▶ [What the task asks] Only the text carries over: repeat the records exactly and drop the images.

(Stored records)
◆ ◆ ◆ ◆ ◆
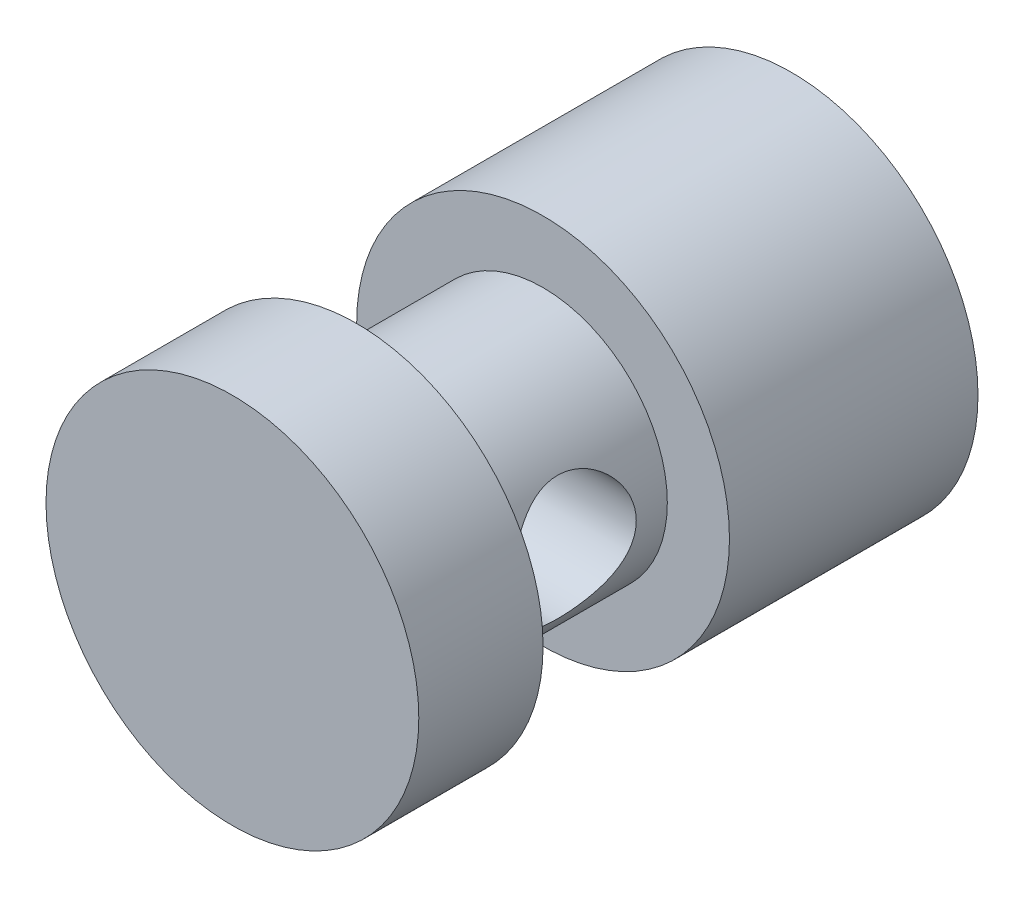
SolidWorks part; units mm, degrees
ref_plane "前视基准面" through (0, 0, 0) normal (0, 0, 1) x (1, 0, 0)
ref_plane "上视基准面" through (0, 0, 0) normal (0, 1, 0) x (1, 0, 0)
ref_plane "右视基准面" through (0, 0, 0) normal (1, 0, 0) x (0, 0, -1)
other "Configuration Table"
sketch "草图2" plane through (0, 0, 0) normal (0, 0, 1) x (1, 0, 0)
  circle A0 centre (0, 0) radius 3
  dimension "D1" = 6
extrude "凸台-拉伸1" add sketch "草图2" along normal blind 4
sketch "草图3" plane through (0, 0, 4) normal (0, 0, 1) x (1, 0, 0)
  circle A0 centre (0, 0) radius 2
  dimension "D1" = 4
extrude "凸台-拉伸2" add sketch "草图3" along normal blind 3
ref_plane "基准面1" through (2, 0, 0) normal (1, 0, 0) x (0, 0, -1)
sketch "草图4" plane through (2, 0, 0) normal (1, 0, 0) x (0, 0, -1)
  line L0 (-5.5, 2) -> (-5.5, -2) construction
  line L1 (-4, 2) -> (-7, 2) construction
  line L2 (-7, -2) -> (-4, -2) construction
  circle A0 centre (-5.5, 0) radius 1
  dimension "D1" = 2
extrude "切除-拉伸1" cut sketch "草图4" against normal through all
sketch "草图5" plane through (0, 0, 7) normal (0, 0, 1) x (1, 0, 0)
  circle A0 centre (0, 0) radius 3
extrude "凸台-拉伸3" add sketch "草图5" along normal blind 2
◆ ◆ ◆ ◆ ◆
▶ [Task output]
SolidWorks part; units mm, degrees
ref_plane "前视基准面" through (0, 0, 0) normal (0, 0, 1) x (1, 0, 0)
ref_plane "上视基准面" through (0, 0, 0) normal (0, 1, 0) x (1, 0, 0)
ref_plane "右视基准面" through (0, 0, 0) normal (1, 0, 0) x (0, 0, -1)
other "Configuration Table"
sketch "草图2" plane through (0, 0, 0) normal (0, 0, 1) x (1, 0, 0)
  circle A0 centre (0, 0) radius 3
  dimension "D1" = 6
extrude "凸台-拉伸1" add sketch "草图2" along normal blind 4
sketch "草图3" plane through (0, 0, 4) normal (0, 0, 1) x (1, 0, 0)
  circle A0 centre (0, 0) radius 2
  dimension "D1" = 4
extrude "凸台-拉伸2" add sketch "草图3" along normal blind 3
ref_plane "基准面1" through (2, 0, 0) normal (1, 0, 0) x (0, 0, -1)
sketch "草图4" plane through (2, 0, 0) normal (1, 0, 0) x (0, 0, -1)
  line L0 (-5.5, 2) -> (-5.5, -2) construction
  line L1 (-4, 2) -> (-7, 2) construction
  line L2 (-7, -2) -> (-4, -2) construction
  circle A0 centre (-5.5, 0) radius 1
  dimension "D1" = 2
extrude "切除-拉伸1" cut sketch "草图4" against normal through all
sketch "草图5" plane through (0, 0, 7) normal (0, 0, 1) x (1, 0, 0)
  circle A0 centre (0, 0) radius 3
extrude "凸台-拉伸3" add sketch "草图5" along normal blind 2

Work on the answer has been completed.